Oakland Athletics’ Brent Rooker (25) dives into second on a pickoff-attempt by Tampa Bay Rays’ Taylor Walls, right, during the fifth inning of a baseball game in Oakland, Calif., Monday, June 12, 2023.
OAKLAND, Calif. (AP) — All along through the struggles of an awful start, manager Mark Kotsay kept pushing the positives while striving for sound, fundamental baseball.
His Oakland Athletics are beginning to find a rhythm at last against some of baseball’s top teams.
Shea Langeliers hit a three-run double in the fifth inning to break up a scoreless game, and the A’s won their season-high sixth straight with a 4-3 victory against the major league-leading Tampa Bay Rays on Monday night.
Ryan Noda added an RBI single in the fifth for the big league-worst A’s, finally riding some momentum after a weekend sweep in Milwaukee. James Kaprielian (2-6) pitched six solid innings, allowing three runs and five hits to win his second consecutive start.
“I think this team’s starting to come closer together,” Kaprielian said. “When you pull kind of a bunch of new guys together it’s really difficult because guys don’t know each other. On paper in my eyes we have a lot of talent in this room, but it takes time to win sometimes. We’ve got a little hot streak now and we’ve beat some first-place teams. I think when you’re hot it’s exciting to go duke up against the guys who are good and guys who are winning games. You want to beat the best at all times.”
A’s rookie Ken Waldichuk worked out of a jam in the seventh when he struck out Randy Arozarena to strand runners at the corners. Waldichuk earned a three-inning save, the first of his career.
Jose Siri hit a three-run shot in the sixth for Tampa Bay’s 113th homer of the year to match the idle Dodgers for most in the majors.
Oakland (18-50) loaded the bases with none out in the fifth against Zach Eflin (8-2) with two straight walks and Jace Peterson’s single. One out later, Langeliers delivered.
Eflin had won four straight decisions since a loss May 9 at Baltimore. The right-hander failed to last five innings for the first time in 13 starts.
Rays third baseman Isaac Paredes was ejected by plate umpire Manny Gonzalez in the sixth, apparently upset about a called strike.
“It just looked like he was frustrated by the pitch. Look, all of our guys work so hard,” Rays manager Kevin Cash said. “We try to put pressure on them to make sure that they stay in the zone, but one of those close pitches, he didn’t like it and I guess he expressed that.”
Tampa Bay (48-21), which began its first West Coast trip of the year, had won eight of nine overall.
Oakland got swept at Tampa Bay from April 5-7, getting outscored 31-5 with a pair of 11-0 defeats that Kotsay called embarrassing.

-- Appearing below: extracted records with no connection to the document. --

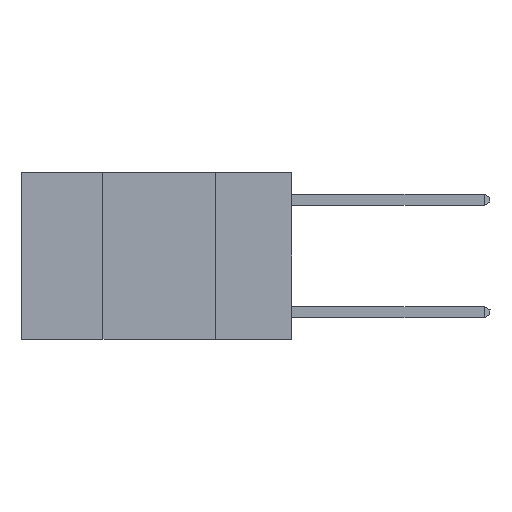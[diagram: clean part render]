
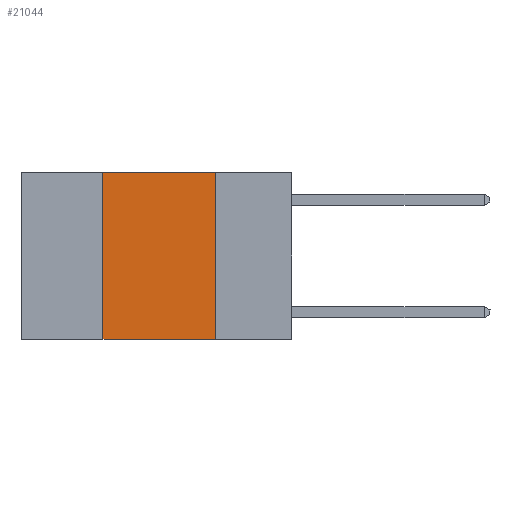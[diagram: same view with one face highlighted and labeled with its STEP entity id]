
A CAD part, left-side view. The second image highlights one B-rep face of the part: STEP entity #21044.
In plain terms, the highlighted planar face has unit normal (-1, 0, 0).
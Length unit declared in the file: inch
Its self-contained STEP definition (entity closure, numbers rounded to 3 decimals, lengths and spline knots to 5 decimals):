
#280 = EDGE_CURVE ( 'NONE', #17198, #24217, #1986, .T. ) ;
#1132 = DIRECTION ( 'NONE',  ( 0., 0., -1. ) ) ;
#1288 = CARTESIAN_POINT ( 'NONE',  ( 0., 0.17, -0.37 ) ) ;
#1986 = LINE ( 'NONE', #7165, #16684 ) ;
#3457 = VECTOR ( 'NONE', #13707, 39.37008 ) ;
#3591 = EDGE_CURVE ( 'NONE', #5164, #8534, #13678, .T. ) ;
#4709 = EDGE_CURVE ( 'NONE', #8534, #24217, #19449, .T. ) ;
#5003 = PLANE ( 'NONE',  #8346 ) ;
#5164 = VERTEX_POINT ( 'NONE', #21520 ) ;
#5295 = LINE ( 'NONE', #6589, #19787 ) ;
#5554 = DIRECTION ( 'NONE',  ( 0., -1., 0. ) ) ;
#5709 = ORIENTED_EDGE ( 'NONE', *, *, #4709, .F. ) ;
#5746 = FACE_OUTER_BOUND ( 'NONE', #6300, .T. ) ;
#6300 = EDGE_LOOP ( 'NONE', ( #5709, #12691, #17683, #21328 ) ) ;
#6589 = CARTESIAN_POINT ( 'NONE',  ( 0., 0.42, 0. ) ) ;
#7165 = CARTESIAN_POINT ( 'NONE',  ( 0., 0.6, -0.37 ) ) ;
#8346 = AXIS2_PLACEMENT_3D ( 'NONE', #23770, #12711, #1132 ) ;
#8534 = VERTEX_POINT ( 'NONE', #12749 ) ;
#11207 = CARTESIAN_POINT ( 'NONE',  ( 0., 0.42, -0.37 ) ) ;
#12691 = ORIENTED_EDGE ( 'NONE', *, *, #3591, .F. ) ;
#12711 = DIRECTION ( 'NONE',  ( 1., 0., 0. ) ) ;
#12749 = CARTESIAN_POINT ( 'NONE',  ( 0., 0.17, 0. ) ) ;
#12927 = DIRECTION ( 'NONE',  ( 0., 0., -1. ) ) ;
#13678 = LINE ( 'NONE', #15592, #3457 ) ;
#13707 = DIRECTION ( 'NONE',  ( 0., -1., 0. ) ) ;
#14259 = DIRECTION ( 'NONE',  ( 0., 0., 1. ) ) ;
#15106 = VECTOR ( 'NONE', #12927, 39.37008 ) ;
#15592 = CARTESIAN_POINT ( 'NONE',  ( 0., 0.6, 0. ) ) ;
#16684 = VECTOR ( 'NONE', #5554, 39.37008 ) ;
#17198 = VERTEX_POINT ( 'NONE', #11207 ) ;
#17683 = ORIENTED_EDGE ( 'NONE', *, *, #24045, .F. ) ;
#19449 = LINE ( 'NONE', #23977, #15106 ) ;
#19787 = VECTOR ( 'NONE', #14259, 39.37008 ) ;
#21044 = ADVANCED_FACE ( 'NONE', ( #5746 ), #5003, .F. ) ;
#21328 = ORIENTED_EDGE ( 'NONE', *, *, #280, .T. ) ;
#21520 = CARTESIAN_POINT ( 'NONE',  ( 0., 0.42, 0. ) ) ;
#23770 = CARTESIAN_POINT ( 'NONE',  ( 0., 0.6, 0. ) ) ;
#23977 = CARTESIAN_POINT ( 'NONE',  ( 0., 0.17, 0. ) ) ;
#24045 = EDGE_CURVE ( 'NONE', #17198, #5164, #5295, .T. ) ;
#24217 = VERTEX_POINT ( 'NONE', #1288 ) ;
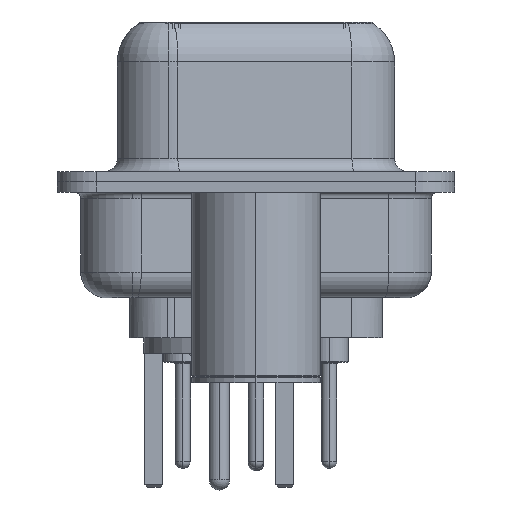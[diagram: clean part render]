
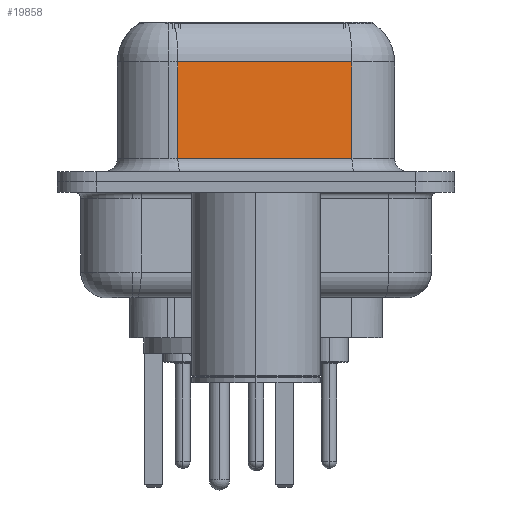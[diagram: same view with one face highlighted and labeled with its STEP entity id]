
A CAD part, left-side view. The second image highlights one B-rep face of the part: STEP entity #19858.
In plain terms, the highlighted planar face has unit normal (-0.985, -0.174, 0).
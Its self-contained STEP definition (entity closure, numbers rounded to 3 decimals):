
#1883 = CARTESIAN_POINT ( 'NONE',  ( 5.621, -3.722, 0.9 ) ) ;
#3330 = VECTOR ( 'NONE', #8949, 1000. ) ;
#3335 = AXIS2_PLACEMENT_3D ( 'NONE', #27905, #30643, #30875 ) ;
#4050 = VERTEX_POINT ( 'NONE', #7251 ) ;
#4883 = ORIENTED_EDGE ( 'NONE', *, *, #9834, .F. ) ;
#5134 = VERTEX_POINT ( 'NONE', #27486 ) ;
#6126 = CARTESIAN_POINT ( 'NONE',  ( 4.43, 3.028, 6.4 ) ) ;
#6464 = PLANE ( 'NONE',  #3335 ) ;
#7251 = CARTESIAN_POINT ( 'NONE',  ( 5.621, -3.722, 4.65 ) ) ;
#7381 = EDGE_LOOP ( 'NONE', ( #4883, #12623, #25010, #10831 ) ) ;
#8949 = DIRECTION ( 'NONE',  ( 0., 0., -1. ) ) ;
#9558 = LINE ( 'NONE', #26715, #30358 ) ;
#9834 = EDGE_CURVE ( 'NONE', #4050, #34432, #9558, .T. ) ;
#10161 = EDGE_CURVE ( 'NONE', #4050, #5134, #14609, .T. ) ;
#10831 = ORIENTED_EDGE ( 'NONE', *, *, #11943, .T. ) ;
#11943 = EDGE_CURVE ( 'NONE', #30084, #34432, #22593, .T. ) ;
#12623 = ORIENTED_EDGE ( 'NONE', *, *, #10161, .T. ) ;
#13397 = DIRECTION ( 'NONE',  ( 0., 0., -1. ) ) ;
#14607 = FACE_OUTER_BOUND ( 'NONE', #7381, .T. ) ;
#14609 = LINE ( 'NONE', #28805, #20578 ) ;
#17361 = EDGE_CURVE ( 'NONE', #5134, #30084, #33410, .T. ) ;
#17528 = DIRECTION ( 'NONE',  ( -0.174, 0.985, 0. ) ) ;
#19858 = ADVANCED_FACE ( 'NONE', ( #14607 ), #6464, .F. ) ;
#20578 = VECTOR ( 'NONE', #17528, 1000. ) ;
#20809 = DIRECTION ( 'NONE',  ( 0.174, -0.985, 0. ) ) ;
#22593 = LINE ( 'NONE', #1883, #33628 ) ;
#25010 = ORIENTED_EDGE ( 'NONE', *, *, #17361, .T. ) ;
#25555 = CARTESIAN_POINT ( 'NONE',  ( 4.43, 3.028, 0.9 ) ) ;
#26715 = CARTESIAN_POINT ( 'NONE',  ( 5.621, -3.722, 6.4 ) ) ;
#27486 = CARTESIAN_POINT ( 'NONE',  ( 4.43, 3.028, 4.65 ) ) ;
#27905 = CARTESIAN_POINT ( 'NONE',  ( 5.621, -3.722, 6.4 ) ) ;
#28805 = CARTESIAN_POINT ( 'NONE',  ( 5.621, -3.722, 4.65 ) ) ;
#30084 = VERTEX_POINT ( 'NONE', #25555 ) ;
#30358 = VECTOR ( 'NONE', #13397, 1000. ) ;
#30643 = DIRECTION ( 'NONE',  ( 0.985, 0.174, 0. ) ) ;
#30875 = DIRECTION ( 'NONE',  ( -0.174, 0.985, 0. ) ) ;
#33410 = LINE ( 'NONE', #6126, #3330 ) ;
#33628 = VECTOR ( 'NONE', #20809, 1000. ) ;
#33947 = CARTESIAN_POINT ( 'NONE',  ( 5.621, -3.722, 0.9 ) ) ;
#34432 = VERTEX_POINT ( 'NONE', #33947 ) ;
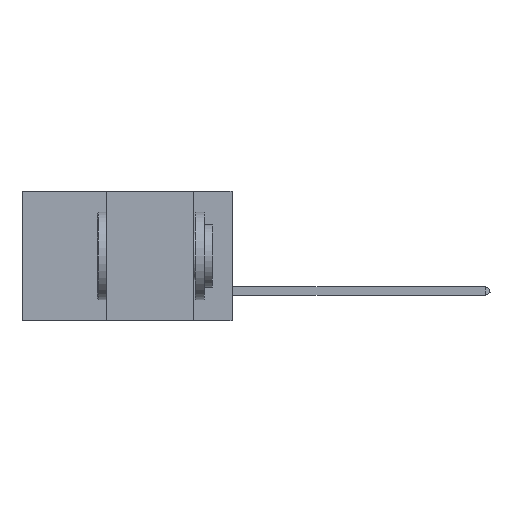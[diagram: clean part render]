
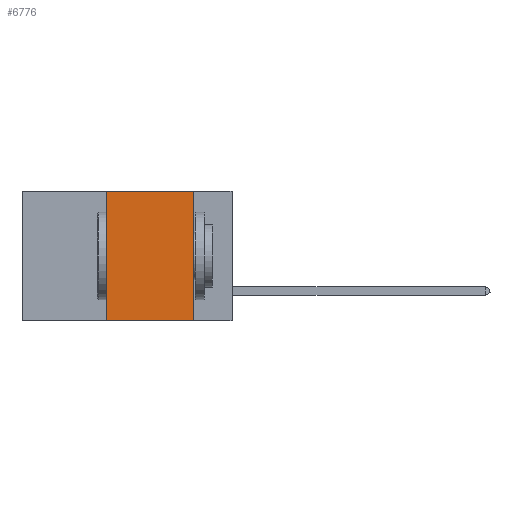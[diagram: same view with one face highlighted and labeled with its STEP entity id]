
A CAD part, left-side view. The second image highlights one B-rep face of the part: STEP entity #6776.
In plain terms, the highlighted planar face has unit normal (-1, 0, 0).
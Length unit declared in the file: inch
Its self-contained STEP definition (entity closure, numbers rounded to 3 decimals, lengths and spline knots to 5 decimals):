
#197 = LINE ( 'NONE', #4050, #805 ) ;
#483 = EDGE_CURVE ( 'NONE', #5421, #2948, #7813, .T. ) ;
#570 = DIRECTION ( 'NONE',  ( 1., 0., 0. ) ) ;
#724 = CARTESIAN_POINT ( 'NONE',  ( 0., 0.11, 0. ) ) ;
#805 = VECTOR ( 'NONE', #3275, 39.37008 ) ;
#819 = LINE ( 'NONE', #4650, #6602 ) ;
#1054 = EDGE_LOOP ( 'NONE', ( #9246, #4048, #7035, #10084 ) ) ;
#1125 = VERTEX_POINT ( 'NONE', #6838 ) ;
#2194 = VECTOR ( 'NONE', #4668, 39.37008 ) ;
#2948 = VERTEX_POINT ( 'NONE', #6813 ) ;
#3275 = DIRECTION ( 'NONE',  ( 0., -1., 0. ) ) ;
#4048 = ORIENTED_EDGE ( 'NONE', *, *, #4426, .F. ) ;
#4050 = CARTESIAN_POINT ( 'NONE',  ( 0., 0.6, 0. ) ) ;
#4181 = FACE_OUTER_BOUND ( 'NONE', #1054, .T. ) ;
#4328 = LINE ( 'NONE', #724, #2194 ) ;
#4426 = EDGE_CURVE ( 'NONE', #2948, #1125, #197, .T. ) ;
#4650 = CARTESIAN_POINT ( 'NONE',  ( 0., 0.6, -0.37 ) ) ;
#4668 = DIRECTION ( 'NONE',  ( 0., 0., -1. ) ) ;
#4941 = CARTESIAN_POINT ( 'NONE',  ( 0., 0.36, -0.37 ) ) ;
#5289 = CARTESIAN_POINT ( 'NONE',  ( 0., 0.6, 0. ) ) ;
#5421 = VERTEX_POINT ( 'NONE', #4941 ) ;
#5610 = DIRECTION ( 'NONE',  ( 0., -1., 0. ) ) ;
#5707 = VECTOR ( 'NONE', #6715, 39.37008 ) ;
#6085 = DIRECTION ( 'NONE',  ( 0., 0., -1. ) ) ;
#6143 = VERTEX_POINT ( 'NONE', #7591 ) ;
#6297 = AXIS2_PLACEMENT_3D ( 'NONE', #5289, #570, #6085 ) ;
#6354 = EDGE_CURVE ( 'NONE', #1125, #6143, #4328, .T. ) ;
#6602 = VECTOR ( 'NONE', #5610, 39.37008 ) ;
#6715 = DIRECTION ( 'NONE',  ( 0., 0., 1. ) ) ;
#6776 = ADVANCED_FACE ( 'NONE', ( #4181 ), #8604, .F. ) ;
#6813 = CARTESIAN_POINT ( 'NONE',  ( 0., 0.36, 0. ) ) ;
#6838 = CARTESIAN_POINT ( 'NONE',  ( 0., 0.11, 0. ) ) ;
#6862 = EDGE_CURVE ( 'NONE', #5421, #6143, #819, .T. ) ;
#7035 = ORIENTED_EDGE ( 'NONE', *, *, #483, .F. ) ;
#7591 = CARTESIAN_POINT ( 'NONE',  ( 0., 0.11, -0.37 ) ) ;
#7813 = LINE ( 'NONE', #9916, #5707 ) ;
#8604 = PLANE ( 'NONE',  #6297 ) ;
#9246 = ORIENTED_EDGE ( 'NONE', *, *, #6354, .F. ) ;
#9916 = CARTESIAN_POINT ( 'NONE',  ( 0., 0.36, 0. ) ) ;
#10084 = ORIENTED_EDGE ( 'NONE', *, *, #6862, .T. ) ;

“This team, Tampa, is the best team in baseball. We played them early and for a lack of a better word I think we were somewhat embarrassed,” Kotsay said before the game. “But we played really bad baseball, we failed at every aspect really at Tampa, pitching and defense, situational hitting.”
Kaprielian and Waldichuk shined this time. And it’s suddenly pretty fun around Oakland, with fans planning a reverse boycott to draw as many as possible Tuesday night.
The A’s hope to keep the winning going.
“That’s what it’s about,” Kaprielian said, smiling.